Emilkę zabiję w końcu, będę musiała to zrobić, nie chcę, ale będę musiała!
Janek niby wygląda na odpornego, ale jeszcze nie widziałam faceta, który by pod wpływem wdzięcznych spojrzeń Emilki, tego cholernego trzepotania rzęskami i chwytania za rączki przy każdej okazji nie zgłupiał w końcu kompletnie.
I po co jej to? Po co? Tadzio, kochany chłopak, patrzył w nią jak w tęczę, ona sama go przecież znalazła w tym Książu – i co? I nic. Wydawało mi się, że Rafał jej się podoba, wcale się nie dziwię, wyjątkowo interesujący mężczyzna – i też jakby nic. Wożą te dzieci razem, on ją szkoli, spędzają z sobą pół dnia, jeśli nie więcej – i co? Nic!
Miałam taki odruch, żeby z nią rozsądnie porozmawiać, jak kobieta z kobietą, ale szybko mi przeszły takie pomysły. Sama powinna mieć jaką taką lojalność wobec przyjaciółki, która jej pomogła w trudnym momencie. Do diabła! Gdyby nie ja, w ogóle jej by tu nie było!
Inna rzecz, że gdyby nie ona i jej szalone pomysły, nas też by tu raczej nie było…
Nieważne.

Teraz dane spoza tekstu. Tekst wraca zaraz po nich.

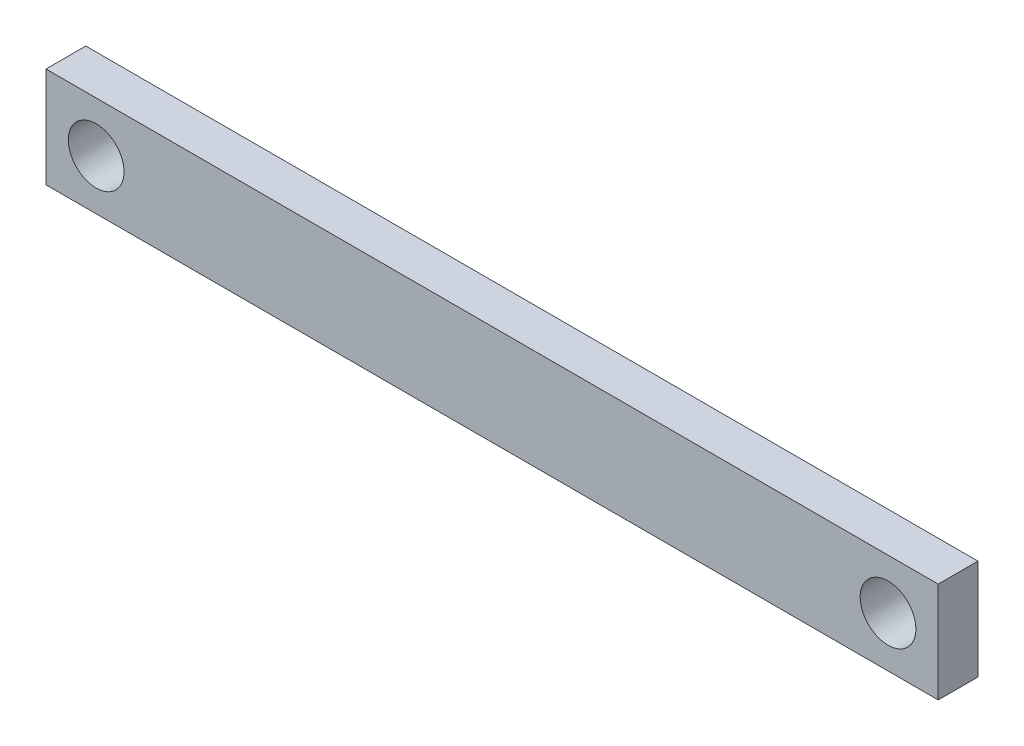
ISO-10303-21;
HEADER;
FILE_DESCRIPTION(('STEP AP214'),'2;1');
FILE_NAME('part.step','',(''),(''),'','','');
FILE_SCHEMA(('AUTOMOTIVE_DESIGN { 1 0 10303 214 1 1 1 1 }'));
ENDSEC;
DATA;
#1=APPLICATION_CONTEXT('core data for automotive mechanical design processes');
#2=APPLICATION_PROTOCOL_DEFINITION('international standard','automotive_design',2000,#1);
#3=PRODUCT_CONTEXT('',#1,'mechanical');
#4=PRODUCT('Part','Part','',(#3));
#5=PRODUCT_RELATED_PRODUCT_CATEGORY('part','',(#4));
#6=PRODUCT_DEFINITION_FORMATION('','',#4);
#7=PRODUCT_DEFINITION_CONTEXT('part definition',#1,'design');
#8=PRODUCT_DEFINITION('design','',#6,#7);
#9=PRODUCT_DEFINITION_SHAPE('','',#8);
#10=(LENGTH_UNIT() NAMED_UNIT(*) SI_UNIT(.MILLI.,.METRE.));
#11=(NAMED_UNIT(*) PLANE_ANGLE_UNIT() SI_UNIT($,.RADIAN.));
#12=(NAMED_UNIT(*) SI_UNIT($,.STERADIAN.) SOLID_ANGLE_UNIT());
#13=UNCERTAINTY_MEASURE_WITH_UNIT(LENGTH_MEASURE(1.E-05),#10,'distance_accuracy_value','');
#14=(GEOMETRIC_REPRESENTATION_CONTEXT(3) GLOBAL_UNCERTAINTY_ASSIGNED_CONTEXT((#13)) GLOBAL_UNIT_ASSIGNED_CONTEXT((#10,
#11,#12)) REPRESENTATION_CONTEXT('',''));
#15=CARTESIAN_POINT('',(0.,0.,0.));
#16=DIRECTION('',(0.,0.,1.));
#17=DIRECTION('',(1.,0.,0.));
#18=AXIS2_PLACEMENT_3D('',#15,#16,#17);
#19=CARTESIAN_POINT('',(0.,-3.20300000000002,2.54));
#20=DIRECTION('',(0.,1.,0.));
#21=DIRECTION('',(-1.,0.,0.));
#22=AXIS2_PLACEMENT_3D('',#19,#20,#21);
#23=PLANE('',#22);
#24=DIRECTION('',(1.,0.,0.));
#25=VECTOR('',#24,1.);
#26=CARTESIAN_POINT('',(0.,-3.20300000000002,0.));
#27=LINE('',#26,#25);
#28=CARTESIAN_POINT('',(-28.481,-3.20300000000002,0.));
#29=VERTEX_POINT('',#28);
#30=CARTESIAN_POINT('',(28.481,-3.20300000000002,0.));
#31=VERTEX_POINT('',#30);
#32=EDGE_CURVE('E107',#29,#31,#27,.T.);
#33=ORIENTED_EDGE('',*,*,#32,.T.);
#34=DIRECTION('',(0.,0.,-1.));
#35=VECTOR('',#34,1.);
#36=CARTESIAN_POINT('',(28.481,-3.20300000000002,2.54));
#37=LINE('',#36,#35);
#38=CARTESIAN_POINT('',(28.481,-3.20300000000002,2.54));
#39=VERTEX_POINT('',#38);
#40=EDGE_CURVE('E11',#39,#31,#37,.T.);
#41=ORIENTED_EDGE('',*,*,#40,.F.);
#42=DIRECTION('',(1.,0.,0.));
#43=VECTOR('',#42,1.);
#44=CARTESIAN_POINT('',(0.,-3.20300000000002,2.54));
#45=LINE('',#44,#43);
#46=CARTESIAN_POINT('',(-28.481,-3.20300000000002,2.54));
#47=VERTEX_POINT('',#46);
#48=EDGE_CURVE('E87',#47,#39,#45,.T.);
#49=ORIENTED_EDGE('',*,*,#48,.F.);
#50=DIRECTION('',(0.,0.,-1.));
#51=VECTOR('',#50,1.);
#52=CARTESIAN_POINT('',(-28.481,-3.20300000000002,2.54));
#53=LINE('',#52,#51);
#54=EDGE_CURVE('E53',#47,#29,#53,.T.);
#55=ORIENTED_EDGE('',*,*,#54,.T.);
#56=EDGE_LOOP('',(#33,#41,#49,#55));
#57=FACE_BOUND('',#56,.T.);
#58=ADVANCED_FACE('F37',(#57),#23,.F.);
#59=CARTESIAN_POINT('',(28.481,0.,2.54));
#60=DIRECTION('',(-1.,0.,0.));
#61=DIRECTION('',(0.,0.,1.));
#62=AXIS2_PLACEMENT_3D('',#59,#60,#61);
#63=PLANE('',#62);
#64=DIRECTION('',(0.,1.,0.));
#65=VECTOR('',#64,1.);
#66=CARTESIAN_POINT('',(28.481,0.,0.));
#67=LINE('',#66,#65);
#68=CARTESIAN_POINT('',(28.481,3.203,0.));
#69=VERTEX_POINT('',#68);
#70=EDGE_CURVE('E92',#31,#69,#67,.T.);
#71=ORIENTED_EDGE('',*,*,#70,.T.);
#72=DIRECTION('',(0.,0.,-1.));
#73=VECTOR('',#72,1.);
#74=CARTESIAN_POINT('',(28.481,3.203,2.54));
#75=LINE('',#74,#73);
#76=CARTESIAN_POINT('',(28.481,3.203,2.54));
#77=VERTEX_POINT('',#76);
#78=EDGE_CURVE('E45',#77,#69,#75,.T.);
#79=ORIENTED_EDGE('',*,*,#78,.F.);
#80=DIRECTION('',(0.,1.,0.));
#81=VECTOR('',#80,1.);
#82=CARTESIAN_POINT('',(28.481,0.,2.54));
#83=LINE('',#82,#81);
#84=EDGE_CURVE('E78',#39,#77,#83,.T.);
#85=ORIENTED_EDGE('',*,*,#84,.F.);
#86=ORIENTED_EDGE('',*,*,#40,.T.);
#87=EDGE_LOOP('',(#71,#79,#85,#86));
#88=FACE_BOUND('',#87,.T.);
#89=ADVANCED_FACE('F91',(#88),#63,.F.);
#90=CARTESIAN_POINT('',(0.,3.20299999999999,2.54));
#91=DIRECTION('',(0.,1.,0.));
#92=DIRECTION('',(-1.,0.,0.));
#93=AXIS2_PLACEMENT_3D('',#90,#91,#92);
#94=PLANE('',#93);
#95=DIRECTION('',(1.,0.,0.));
#96=VECTOR('',#95,1.);
#97=CARTESIAN_POINT('',(0.,3.20299999999999,0.));
#98=LINE('',#97,#96);
#99=CARTESIAN_POINT('',(-28.481,3.20299999999999,0.));
#100=VERTEX_POINT('',#99);
#101=EDGE_CURVE('E110',#100,#69,#98,.T.);
#102=ORIENTED_EDGE('',*,*,#101,.F.);
#103=DIRECTION('',(0.,0.,-1.));
#104=VECTOR('',#103,1.);
#105=CARTESIAN_POINT('',(-28.481,3.20299999999999,2.54));
#106=LINE('',#105,#104);
#107=CARTESIAN_POINT('',(-28.481,3.20299999999999,2.54));
#108=VERTEX_POINT('',#107);
#109=EDGE_CURVE('E67',#108,#100,#106,.T.);
#110=ORIENTED_EDGE('',*,*,#109,.F.);
#111=DIRECTION('',(1.,0.,0.));
#112=VECTOR('',#111,1.);
#113=CARTESIAN_POINT('',(0.,3.20299999999999,2.54));
#114=LINE('',#113,#112);
#115=EDGE_CURVE('E86',#108,#77,#114,.T.);
#116=ORIENTED_EDGE('',*,*,#115,.T.);
#117=ORIENTED_EDGE('',*,*,#78,.T.);
#118=EDGE_LOOP('',(#102,#110,#116,#117));
#119=FACE_BOUND('',#118,.T.);
#120=ADVANCED_FACE('F95',(#119),#94,.T.);
#121=CARTESIAN_POINT('',(25.278,0.,2.54));
#122=DIRECTION('',(0.,0.,-1.));
#123=DIRECTION('',(-1.,0.,0.));
#124=AXIS2_PLACEMENT_3D('',#121,#122,#123);
#125=CYLINDRICAL_SURFACE('',#124,1.778);
#126=CARTESIAN_POINT('',(25.278,0.,2.54));
#127=DIRECTION('',(0.,0.,1.));
#128=DIRECTION('',(1.,0.,0.));
#129=AXIS2_PLACEMENT_3D('',#126,#127,#128);
#130=CIRCLE('',#129,1.778);
#131=CARTESIAN_POINT('',(27.056,0.,2.54));
#132=VERTEX_POINT('',#131);
#133=EDGE_CURVE('E98',#132,#132,#130,.F.);
#134=ORIENTED_EDGE('',*,*,#133,.F.);
#135=EDGE_LOOP('',(#134));
#136=FACE_BOUND('',#135,.T.);
#137=CARTESIAN_POINT('',(25.278,0.,0.));
#138=DIRECTION('',(0.,0.,1.));
#139=DIRECTION('',(1.,0.,0.));
#140=AXIS2_PLACEMENT_3D('',#137,#138,#139);
#141=CIRCLE('',#140,1.778);
#142=CARTESIAN_POINT('',(27.056,0.,0.));
#143=VERTEX_POINT('',#142);
#144=EDGE_CURVE('E115',#143,#143,#141,.F.);
#145=ORIENTED_EDGE('',*,*,#144,.T.);
#146=EDGE_LOOP('',(#145));
#147=FACE_BOUND('',#146,.T.);
#148=ADVANCED_FACE('F136',(#136,#147),#125,.F.);
#149=CARTESIAN_POINT('',(-28.481,0.,2.54));
#150=DIRECTION('',(-1.,0.,0.));
#151=DIRECTION('',(0.,0.,1.));
#152=AXIS2_PLACEMENT_3D('',#149,#150,#151);
#153=PLANE('',#152);
#154=DIRECTION('',(0.,1.,0.));
#155=VECTOR('',#154,1.);
#156=CARTESIAN_POINT('',(-28.481,0.,0.));
#157=LINE('',#156,#155);
#158=EDGE_CURVE('E112',#29,#100,#157,.T.);
#159=ORIENTED_EDGE('',*,*,#158,.F.);
#160=ORIENTED_EDGE('',*,*,#54,.F.);
#161=DIRECTION('',(0.,1.,0.));
#162=VECTOR('',#161,1.);
#163=CARTESIAN_POINT('',(-28.481,0.,2.54));
#164=LINE('',#163,#162);
#165=EDGE_CURVE('E96',#47,#108,#164,.T.);
#166=ORIENTED_EDGE('',*,*,#165,.T.);
#167=ORIENTED_EDGE('',*,*,#109,.T.);
#168=EDGE_LOOP('',(#159,#160,#166,#167));
#169=FACE_BOUND('',#168,.T.);
#170=ADVANCED_FACE('F128',(#169),#153,.T.);
#171=CARTESIAN_POINT('',(-25.278,0.,2.54));
#172=DIRECTION('',(0.,0.,-1.));
#173=DIRECTION('',(-1.,0.,0.));
#174=AXIS2_PLACEMENT_3D('',#171,#172,#173);
#175=CYLINDRICAL_SURFACE('',#174,1.778);
#176=CARTESIAN_POINT('',(-25.278,0.,2.54));
#177=DIRECTION('',(0.,0.,1.));
#178=DIRECTION('',(1.,0.,0.));
#179=AXIS2_PLACEMENT_3D('',#176,#177,#178);
#180=CIRCLE('',#179,1.778);
#181=CARTESIAN_POINT('',(-23.5,0.,2.54));
#182=VERTEX_POINT('',#181);
#183=EDGE_CURVE('E104',#182,#182,#180,.T.);
#184=ORIENTED_EDGE('',*,*,#183,.T.);
#185=EDGE_LOOP('',(#184));
#186=FACE_BOUND('',#185,.T.);
#187=CARTESIAN_POINT('',(-25.278,0.,0.));
#188=DIRECTION('',(0.,0.,1.));
#189=DIRECTION('',(1.,0.,0.));
#190=AXIS2_PLACEMENT_3D('',#187,#188,#189);
#191=CIRCLE('',#190,1.778);
#192=CARTESIAN_POINT('',(-23.5,0.,0.));
#193=VERTEX_POINT('',#192);
#194=EDGE_CURVE('E118',#193,#193,#191,.T.);
#195=ORIENTED_EDGE('',*,*,#194,.F.);
#196=EDGE_LOOP('',(#195));
#197=FACE_BOUND('',#196,.T.);
#198=ADVANCED_FACE('F126',(#186,#197),#175,.F.);
#199=CARTESIAN_POINT('',(0.,0.,2.54));
#200=DIRECTION('',(0.,0.,1.));
#201=DIRECTION('',(1.,0.,0.));
#202=AXIS2_PLACEMENT_3D('',#199,#200,#201);
#203=PLANE('',#202);
#204=ORIENTED_EDGE('',*,*,#48,.T.);
#205=ORIENTED_EDGE('',*,*,#84,.T.);
#206=ORIENTED_EDGE('',*,*,#115,.F.);
#207=ORIENTED_EDGE('',*,*,#165,.F.);
#208=EDGE_LOOP('',(#204,#205,#206,#207));
#209=FACE_BOUND('',#208,.T.);
#210=ORIENTED_EDGE('',*,*,#133,.T.);
#211=EDGE_LOOP('',(#210));
#212=FACE_BOUND('',#211,.T.);
#213=ORIENTED_EDGE('',*,*,#183,.F.);
#214=EDGE_LOOP('',(#213));
#215=FACE_BOUND('',#214,.T.);
#216=ADVANCED_FACE('F82',(#209,#212,#215),#203,.T.);
#217=CARTESIAN_POINT('',(0.,0.,0.));
#218=DIRECTION('',(0.,0.,1.));
#219=DIRECTION('',(1.,0.,0.));
#220=AXIS2_PLACEMENT_3D('',#217,#218,#219);
#221=PLANE('',#220);
#222=ORIENTED_EDGE('',*,*,#32,.F.);
#223=ORIENTED_EDGE('',*,*,#158,.T.);
#224=ORIENTED_EDGE('',*,*,#101,.T.);
#225=ORIENTED_EDGE('',*,*,#70,.F.);
#226=EDGE_LOOP('',(#222,#223,#224,#225));
#227=FACE_BOUND('',#226,.T.);
#228=ORIENTED_EDGE('',*,*,#144,.F.);
#229=EDGE_LOOP('',(#228));
#230=FACE_BOUND('',#229,.T.);
#231=ORIENTED_EDGE('',*,*,#194,.T.);
#232=EDGE_LOOP('',(#231));
#233=FACE_BOUND('',#232,.T.);
#234=ADVANCED_FACE('F124',(#227,#230,#233),#221,.F.);
#235=CLOSED_SHELL('',(#58,#89,#120,#148,#170,#198,#216,#234));
#236=MANIFOLD_SOLID_BREP('B2',#235);
#237=ADVANCED_BREP_SHAPE_REPRESENTATION('',(#18,#236),#14);
#238=SHAPE_DEFINITION_REPRESENTATION(#9,#237);
ENDSEC;
END-ISO-10303-21;

Odrobina przyzwoitości, panienko!
Za trzy dni mamy wernisaż fotografii księdza Pawła. Przyjeżdżają wszyscy święci, Wiktor z Ewą, jego mecenaski obydwie – klozetowa i koleżansia, ma być pełno prasy i telewizja z Wrocławia, to znaczy publiczna, poważna, a nie żadna osiedlowa kablówka. Niech sobie przyjeżdżają. Wszystko mamy gotowe – bardzo dobrze, że od jakiegoś czasu wróciła do obowiązków podkuchennej Żaklina, dawna pracownica babci Stasi. Odkąd Emilka zajęła się hippoterapią, zostałam w kuchni zupełnie sama.
Janek mi wprawdzie pomagał, ale jednak miejscem mężczyzny nie jest kuchnia. Może to staroświecki pogląd, ale za to mój.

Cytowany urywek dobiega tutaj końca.